Source data -

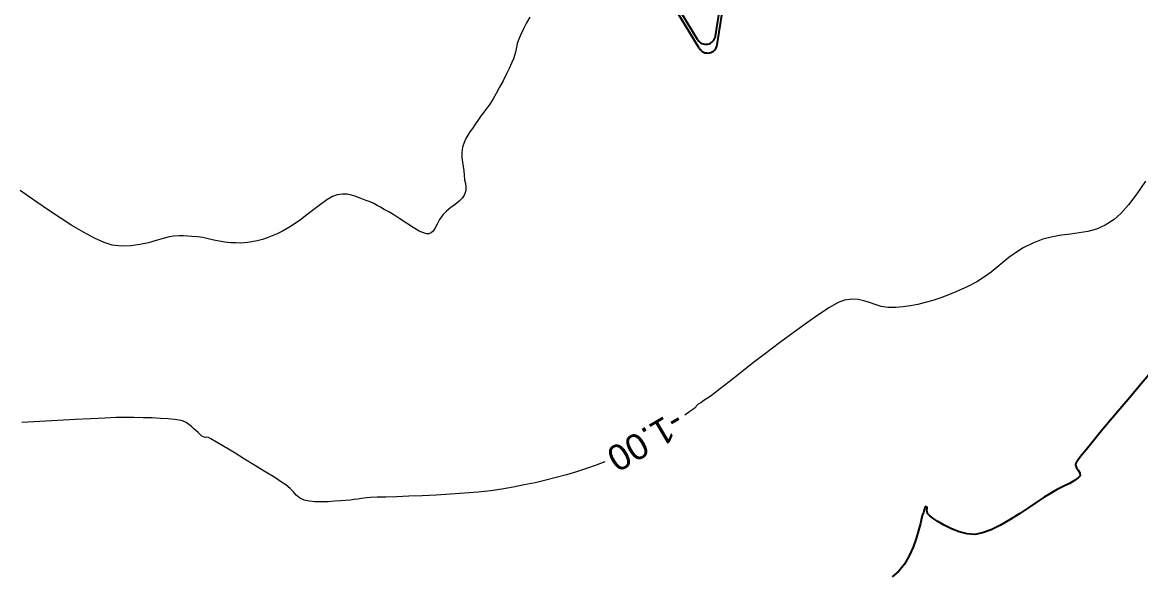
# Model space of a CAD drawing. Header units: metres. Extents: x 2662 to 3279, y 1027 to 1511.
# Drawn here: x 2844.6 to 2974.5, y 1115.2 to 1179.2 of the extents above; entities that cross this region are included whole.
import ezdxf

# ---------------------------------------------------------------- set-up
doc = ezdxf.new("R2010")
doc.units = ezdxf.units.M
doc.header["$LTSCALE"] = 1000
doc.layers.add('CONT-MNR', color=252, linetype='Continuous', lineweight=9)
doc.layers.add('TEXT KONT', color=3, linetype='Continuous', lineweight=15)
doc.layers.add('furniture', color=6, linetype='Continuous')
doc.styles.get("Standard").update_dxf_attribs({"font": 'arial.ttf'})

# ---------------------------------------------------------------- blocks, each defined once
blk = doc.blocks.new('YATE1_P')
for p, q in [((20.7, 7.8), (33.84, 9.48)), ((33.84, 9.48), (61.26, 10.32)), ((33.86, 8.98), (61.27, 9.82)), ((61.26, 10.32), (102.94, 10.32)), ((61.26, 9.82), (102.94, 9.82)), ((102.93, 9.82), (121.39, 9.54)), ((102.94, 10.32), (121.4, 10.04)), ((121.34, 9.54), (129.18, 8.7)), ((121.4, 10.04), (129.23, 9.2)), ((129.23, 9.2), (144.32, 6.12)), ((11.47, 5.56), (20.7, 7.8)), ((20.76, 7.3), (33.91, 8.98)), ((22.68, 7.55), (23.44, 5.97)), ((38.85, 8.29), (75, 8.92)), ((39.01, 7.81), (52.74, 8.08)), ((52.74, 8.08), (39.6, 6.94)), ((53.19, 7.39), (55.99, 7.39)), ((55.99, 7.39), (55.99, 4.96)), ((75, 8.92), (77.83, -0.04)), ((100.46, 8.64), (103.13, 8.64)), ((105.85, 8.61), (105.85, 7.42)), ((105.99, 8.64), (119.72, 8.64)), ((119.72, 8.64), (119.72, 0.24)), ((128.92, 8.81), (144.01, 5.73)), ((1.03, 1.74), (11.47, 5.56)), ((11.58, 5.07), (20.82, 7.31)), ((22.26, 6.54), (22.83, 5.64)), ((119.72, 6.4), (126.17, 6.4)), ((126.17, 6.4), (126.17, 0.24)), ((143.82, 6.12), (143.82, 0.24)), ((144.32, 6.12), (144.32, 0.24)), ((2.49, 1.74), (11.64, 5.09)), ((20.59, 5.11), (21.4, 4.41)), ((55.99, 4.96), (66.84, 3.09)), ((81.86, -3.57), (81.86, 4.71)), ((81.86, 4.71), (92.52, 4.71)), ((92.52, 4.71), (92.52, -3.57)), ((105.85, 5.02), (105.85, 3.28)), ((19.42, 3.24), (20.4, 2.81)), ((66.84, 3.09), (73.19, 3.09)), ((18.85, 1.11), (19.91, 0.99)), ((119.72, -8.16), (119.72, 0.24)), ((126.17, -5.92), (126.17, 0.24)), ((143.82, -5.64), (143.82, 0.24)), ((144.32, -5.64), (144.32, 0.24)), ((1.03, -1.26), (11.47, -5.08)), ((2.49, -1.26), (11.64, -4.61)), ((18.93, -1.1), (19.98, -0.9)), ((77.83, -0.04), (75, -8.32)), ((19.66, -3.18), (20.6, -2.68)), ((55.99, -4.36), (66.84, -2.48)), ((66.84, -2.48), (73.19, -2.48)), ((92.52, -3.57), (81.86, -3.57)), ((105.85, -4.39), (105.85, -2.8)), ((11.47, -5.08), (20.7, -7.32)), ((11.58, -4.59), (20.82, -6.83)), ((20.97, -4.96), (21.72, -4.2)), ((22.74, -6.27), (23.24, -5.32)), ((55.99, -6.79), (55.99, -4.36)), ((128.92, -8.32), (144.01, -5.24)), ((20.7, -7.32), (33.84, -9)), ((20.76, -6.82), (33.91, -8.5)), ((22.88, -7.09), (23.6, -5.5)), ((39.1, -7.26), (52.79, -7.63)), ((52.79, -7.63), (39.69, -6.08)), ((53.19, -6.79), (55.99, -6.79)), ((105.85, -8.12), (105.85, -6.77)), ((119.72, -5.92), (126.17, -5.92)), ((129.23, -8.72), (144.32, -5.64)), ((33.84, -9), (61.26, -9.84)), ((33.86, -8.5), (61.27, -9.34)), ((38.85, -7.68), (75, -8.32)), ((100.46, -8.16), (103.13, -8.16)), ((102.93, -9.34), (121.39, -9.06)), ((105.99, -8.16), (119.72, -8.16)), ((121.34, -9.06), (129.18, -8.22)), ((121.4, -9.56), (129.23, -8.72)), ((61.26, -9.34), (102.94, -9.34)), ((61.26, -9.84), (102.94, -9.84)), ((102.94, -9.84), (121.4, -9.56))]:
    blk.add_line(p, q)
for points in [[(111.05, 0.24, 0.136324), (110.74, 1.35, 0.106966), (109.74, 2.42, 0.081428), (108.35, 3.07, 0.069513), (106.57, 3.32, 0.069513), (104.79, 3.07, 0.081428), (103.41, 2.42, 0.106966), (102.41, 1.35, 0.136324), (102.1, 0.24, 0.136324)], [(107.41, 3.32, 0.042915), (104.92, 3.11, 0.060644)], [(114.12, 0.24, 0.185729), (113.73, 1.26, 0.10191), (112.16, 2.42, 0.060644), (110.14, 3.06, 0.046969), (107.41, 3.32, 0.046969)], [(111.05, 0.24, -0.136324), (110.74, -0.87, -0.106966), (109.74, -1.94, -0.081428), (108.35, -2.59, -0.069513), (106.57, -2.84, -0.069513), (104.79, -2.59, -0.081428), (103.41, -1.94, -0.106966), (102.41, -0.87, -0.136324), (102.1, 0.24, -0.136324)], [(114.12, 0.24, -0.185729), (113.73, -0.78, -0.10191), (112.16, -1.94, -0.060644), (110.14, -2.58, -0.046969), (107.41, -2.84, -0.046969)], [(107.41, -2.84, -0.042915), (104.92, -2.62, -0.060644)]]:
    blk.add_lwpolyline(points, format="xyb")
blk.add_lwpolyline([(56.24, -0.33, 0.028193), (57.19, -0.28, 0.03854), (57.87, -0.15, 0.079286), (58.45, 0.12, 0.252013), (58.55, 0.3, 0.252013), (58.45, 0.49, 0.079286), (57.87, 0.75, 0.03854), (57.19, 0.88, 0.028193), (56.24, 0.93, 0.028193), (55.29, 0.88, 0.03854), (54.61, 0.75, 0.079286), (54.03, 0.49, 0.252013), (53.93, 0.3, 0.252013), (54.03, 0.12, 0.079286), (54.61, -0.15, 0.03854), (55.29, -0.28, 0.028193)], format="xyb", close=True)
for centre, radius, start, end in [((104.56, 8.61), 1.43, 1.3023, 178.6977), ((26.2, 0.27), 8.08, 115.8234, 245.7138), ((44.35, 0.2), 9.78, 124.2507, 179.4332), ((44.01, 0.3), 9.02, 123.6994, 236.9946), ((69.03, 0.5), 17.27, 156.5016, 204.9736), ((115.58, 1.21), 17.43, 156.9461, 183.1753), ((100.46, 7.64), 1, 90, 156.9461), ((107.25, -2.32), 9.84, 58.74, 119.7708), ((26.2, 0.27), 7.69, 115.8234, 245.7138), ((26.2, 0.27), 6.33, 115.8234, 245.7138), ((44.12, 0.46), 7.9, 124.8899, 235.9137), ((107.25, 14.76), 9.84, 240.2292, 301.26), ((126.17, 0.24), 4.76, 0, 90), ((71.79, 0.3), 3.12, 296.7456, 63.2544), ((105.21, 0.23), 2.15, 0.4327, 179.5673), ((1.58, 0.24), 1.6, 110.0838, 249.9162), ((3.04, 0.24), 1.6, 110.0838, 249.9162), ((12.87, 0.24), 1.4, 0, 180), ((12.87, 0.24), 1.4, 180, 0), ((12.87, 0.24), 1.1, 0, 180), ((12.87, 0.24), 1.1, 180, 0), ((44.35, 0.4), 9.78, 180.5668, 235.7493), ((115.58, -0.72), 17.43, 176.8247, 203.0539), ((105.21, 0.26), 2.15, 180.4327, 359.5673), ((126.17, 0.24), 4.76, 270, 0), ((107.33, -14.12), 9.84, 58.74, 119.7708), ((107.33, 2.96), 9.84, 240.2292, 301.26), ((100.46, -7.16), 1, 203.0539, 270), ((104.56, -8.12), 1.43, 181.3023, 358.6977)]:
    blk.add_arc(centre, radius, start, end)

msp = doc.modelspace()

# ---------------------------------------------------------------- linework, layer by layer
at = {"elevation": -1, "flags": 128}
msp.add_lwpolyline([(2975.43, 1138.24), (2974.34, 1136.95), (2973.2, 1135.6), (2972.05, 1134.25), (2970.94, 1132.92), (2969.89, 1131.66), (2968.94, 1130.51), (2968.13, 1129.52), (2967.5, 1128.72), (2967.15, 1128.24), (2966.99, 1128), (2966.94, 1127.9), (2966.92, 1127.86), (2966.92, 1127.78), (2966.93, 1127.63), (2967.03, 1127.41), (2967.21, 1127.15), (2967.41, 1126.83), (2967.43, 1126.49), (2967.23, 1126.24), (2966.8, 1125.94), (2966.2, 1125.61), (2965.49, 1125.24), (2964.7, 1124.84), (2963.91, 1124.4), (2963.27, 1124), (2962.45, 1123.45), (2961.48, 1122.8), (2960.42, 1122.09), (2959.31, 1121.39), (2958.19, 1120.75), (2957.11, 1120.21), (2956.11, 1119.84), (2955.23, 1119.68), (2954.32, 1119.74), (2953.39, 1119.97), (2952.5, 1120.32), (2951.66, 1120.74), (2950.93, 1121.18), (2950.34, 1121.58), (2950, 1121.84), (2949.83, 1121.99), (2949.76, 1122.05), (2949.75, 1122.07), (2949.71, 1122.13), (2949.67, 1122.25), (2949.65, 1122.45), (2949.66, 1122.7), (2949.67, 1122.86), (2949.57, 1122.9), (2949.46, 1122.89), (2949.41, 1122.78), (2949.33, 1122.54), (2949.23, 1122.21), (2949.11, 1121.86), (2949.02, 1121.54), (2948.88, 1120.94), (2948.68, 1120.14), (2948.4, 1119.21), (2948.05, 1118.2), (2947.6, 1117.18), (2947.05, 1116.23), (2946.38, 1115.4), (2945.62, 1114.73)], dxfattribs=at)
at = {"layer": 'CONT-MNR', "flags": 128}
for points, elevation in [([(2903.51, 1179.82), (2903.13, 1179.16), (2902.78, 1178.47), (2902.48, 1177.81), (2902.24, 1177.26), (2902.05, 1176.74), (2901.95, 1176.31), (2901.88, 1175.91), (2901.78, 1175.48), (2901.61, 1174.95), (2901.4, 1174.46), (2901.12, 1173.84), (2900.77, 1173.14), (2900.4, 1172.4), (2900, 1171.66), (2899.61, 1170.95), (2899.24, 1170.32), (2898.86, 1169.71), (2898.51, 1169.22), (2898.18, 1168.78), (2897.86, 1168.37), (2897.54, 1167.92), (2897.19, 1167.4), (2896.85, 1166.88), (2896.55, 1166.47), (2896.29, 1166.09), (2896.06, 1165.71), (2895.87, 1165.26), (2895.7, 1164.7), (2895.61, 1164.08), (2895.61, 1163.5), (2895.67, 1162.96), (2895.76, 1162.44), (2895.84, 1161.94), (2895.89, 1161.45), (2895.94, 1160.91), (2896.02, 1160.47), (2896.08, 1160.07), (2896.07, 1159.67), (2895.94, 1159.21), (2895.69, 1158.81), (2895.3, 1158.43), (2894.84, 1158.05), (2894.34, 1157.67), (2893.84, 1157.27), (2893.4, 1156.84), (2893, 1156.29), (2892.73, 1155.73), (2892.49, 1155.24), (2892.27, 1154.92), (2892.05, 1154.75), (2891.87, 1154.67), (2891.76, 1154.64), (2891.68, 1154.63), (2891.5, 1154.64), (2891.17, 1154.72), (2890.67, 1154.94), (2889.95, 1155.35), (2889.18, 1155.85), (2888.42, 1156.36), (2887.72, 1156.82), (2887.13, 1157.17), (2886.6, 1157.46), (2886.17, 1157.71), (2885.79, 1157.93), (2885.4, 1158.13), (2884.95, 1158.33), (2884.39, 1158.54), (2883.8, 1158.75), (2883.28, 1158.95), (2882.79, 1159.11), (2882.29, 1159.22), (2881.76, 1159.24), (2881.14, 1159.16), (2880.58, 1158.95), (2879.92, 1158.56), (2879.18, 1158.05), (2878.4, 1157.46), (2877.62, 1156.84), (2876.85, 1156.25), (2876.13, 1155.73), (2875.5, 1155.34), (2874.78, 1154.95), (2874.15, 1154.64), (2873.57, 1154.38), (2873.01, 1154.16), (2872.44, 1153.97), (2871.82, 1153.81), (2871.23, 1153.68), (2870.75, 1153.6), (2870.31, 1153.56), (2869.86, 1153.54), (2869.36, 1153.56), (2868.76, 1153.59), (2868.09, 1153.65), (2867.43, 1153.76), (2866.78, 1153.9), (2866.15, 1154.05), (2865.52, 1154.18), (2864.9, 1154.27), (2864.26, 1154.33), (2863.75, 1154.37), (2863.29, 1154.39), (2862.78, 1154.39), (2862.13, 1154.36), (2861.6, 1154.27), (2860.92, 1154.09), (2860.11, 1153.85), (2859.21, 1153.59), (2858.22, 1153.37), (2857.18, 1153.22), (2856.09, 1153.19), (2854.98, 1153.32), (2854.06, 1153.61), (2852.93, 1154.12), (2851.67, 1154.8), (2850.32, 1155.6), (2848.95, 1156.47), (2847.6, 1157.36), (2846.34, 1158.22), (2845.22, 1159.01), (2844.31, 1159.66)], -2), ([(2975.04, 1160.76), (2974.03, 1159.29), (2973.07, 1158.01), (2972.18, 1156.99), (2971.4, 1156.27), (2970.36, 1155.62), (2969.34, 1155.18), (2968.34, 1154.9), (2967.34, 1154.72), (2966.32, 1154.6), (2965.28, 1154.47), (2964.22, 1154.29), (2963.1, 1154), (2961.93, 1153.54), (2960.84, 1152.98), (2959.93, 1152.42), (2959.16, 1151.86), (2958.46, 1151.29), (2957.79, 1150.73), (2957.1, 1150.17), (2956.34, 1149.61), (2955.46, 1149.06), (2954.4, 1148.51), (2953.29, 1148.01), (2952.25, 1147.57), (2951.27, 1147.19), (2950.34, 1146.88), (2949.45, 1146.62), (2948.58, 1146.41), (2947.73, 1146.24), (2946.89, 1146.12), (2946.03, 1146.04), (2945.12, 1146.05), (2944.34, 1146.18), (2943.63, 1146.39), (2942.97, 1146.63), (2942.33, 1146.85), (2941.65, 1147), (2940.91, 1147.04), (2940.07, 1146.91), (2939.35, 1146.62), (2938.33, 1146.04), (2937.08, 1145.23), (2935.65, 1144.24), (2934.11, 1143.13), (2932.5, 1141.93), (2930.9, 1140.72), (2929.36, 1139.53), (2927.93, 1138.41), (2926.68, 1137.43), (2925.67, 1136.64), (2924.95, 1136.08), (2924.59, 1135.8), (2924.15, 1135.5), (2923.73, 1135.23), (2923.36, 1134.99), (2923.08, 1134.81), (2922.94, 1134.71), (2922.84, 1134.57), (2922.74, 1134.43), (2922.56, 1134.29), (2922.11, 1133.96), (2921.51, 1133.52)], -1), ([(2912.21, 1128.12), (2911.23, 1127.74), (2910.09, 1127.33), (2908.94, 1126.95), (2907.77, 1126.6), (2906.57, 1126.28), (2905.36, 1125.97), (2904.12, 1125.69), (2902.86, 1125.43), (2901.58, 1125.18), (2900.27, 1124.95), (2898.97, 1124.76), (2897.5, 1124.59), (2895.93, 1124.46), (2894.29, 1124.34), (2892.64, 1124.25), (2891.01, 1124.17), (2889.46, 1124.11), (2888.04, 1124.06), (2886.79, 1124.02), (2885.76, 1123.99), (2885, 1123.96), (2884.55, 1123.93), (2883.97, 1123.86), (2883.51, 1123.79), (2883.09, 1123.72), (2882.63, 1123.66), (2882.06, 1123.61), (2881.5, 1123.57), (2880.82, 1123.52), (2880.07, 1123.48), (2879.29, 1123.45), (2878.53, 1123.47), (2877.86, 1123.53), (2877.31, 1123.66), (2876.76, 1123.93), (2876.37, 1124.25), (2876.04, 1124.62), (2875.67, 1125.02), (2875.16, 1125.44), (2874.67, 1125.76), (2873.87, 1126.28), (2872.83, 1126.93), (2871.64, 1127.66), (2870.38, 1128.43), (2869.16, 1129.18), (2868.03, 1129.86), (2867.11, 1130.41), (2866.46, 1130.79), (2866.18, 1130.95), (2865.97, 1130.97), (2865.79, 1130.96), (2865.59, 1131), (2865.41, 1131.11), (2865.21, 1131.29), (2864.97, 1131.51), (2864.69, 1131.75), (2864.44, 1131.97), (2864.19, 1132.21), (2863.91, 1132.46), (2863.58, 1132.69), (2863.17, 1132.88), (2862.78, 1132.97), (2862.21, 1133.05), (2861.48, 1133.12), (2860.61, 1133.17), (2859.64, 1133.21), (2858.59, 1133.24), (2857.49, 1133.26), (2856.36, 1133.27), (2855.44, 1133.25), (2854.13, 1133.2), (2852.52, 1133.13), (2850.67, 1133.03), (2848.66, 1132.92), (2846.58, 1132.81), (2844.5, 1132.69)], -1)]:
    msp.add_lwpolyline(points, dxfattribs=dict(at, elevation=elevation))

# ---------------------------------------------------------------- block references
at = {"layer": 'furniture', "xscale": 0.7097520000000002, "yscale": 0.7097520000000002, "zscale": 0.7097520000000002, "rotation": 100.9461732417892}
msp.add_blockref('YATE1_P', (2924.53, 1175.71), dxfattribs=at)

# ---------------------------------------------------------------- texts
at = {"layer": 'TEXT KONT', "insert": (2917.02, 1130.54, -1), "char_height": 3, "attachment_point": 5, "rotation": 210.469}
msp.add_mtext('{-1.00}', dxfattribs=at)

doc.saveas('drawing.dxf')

What is needed -
For this exercise, gather every line of the data that contains the word "furniture".

Response -
doc.layers.add('furniture', color=6, linetype='Continuous')
at = {"layer": 'furniture', "xscale": 0.7097520000000002, "yscale": 0.7097520000000002, "zscale": 0.7097520000000002, "rotation": 100.9461732417892}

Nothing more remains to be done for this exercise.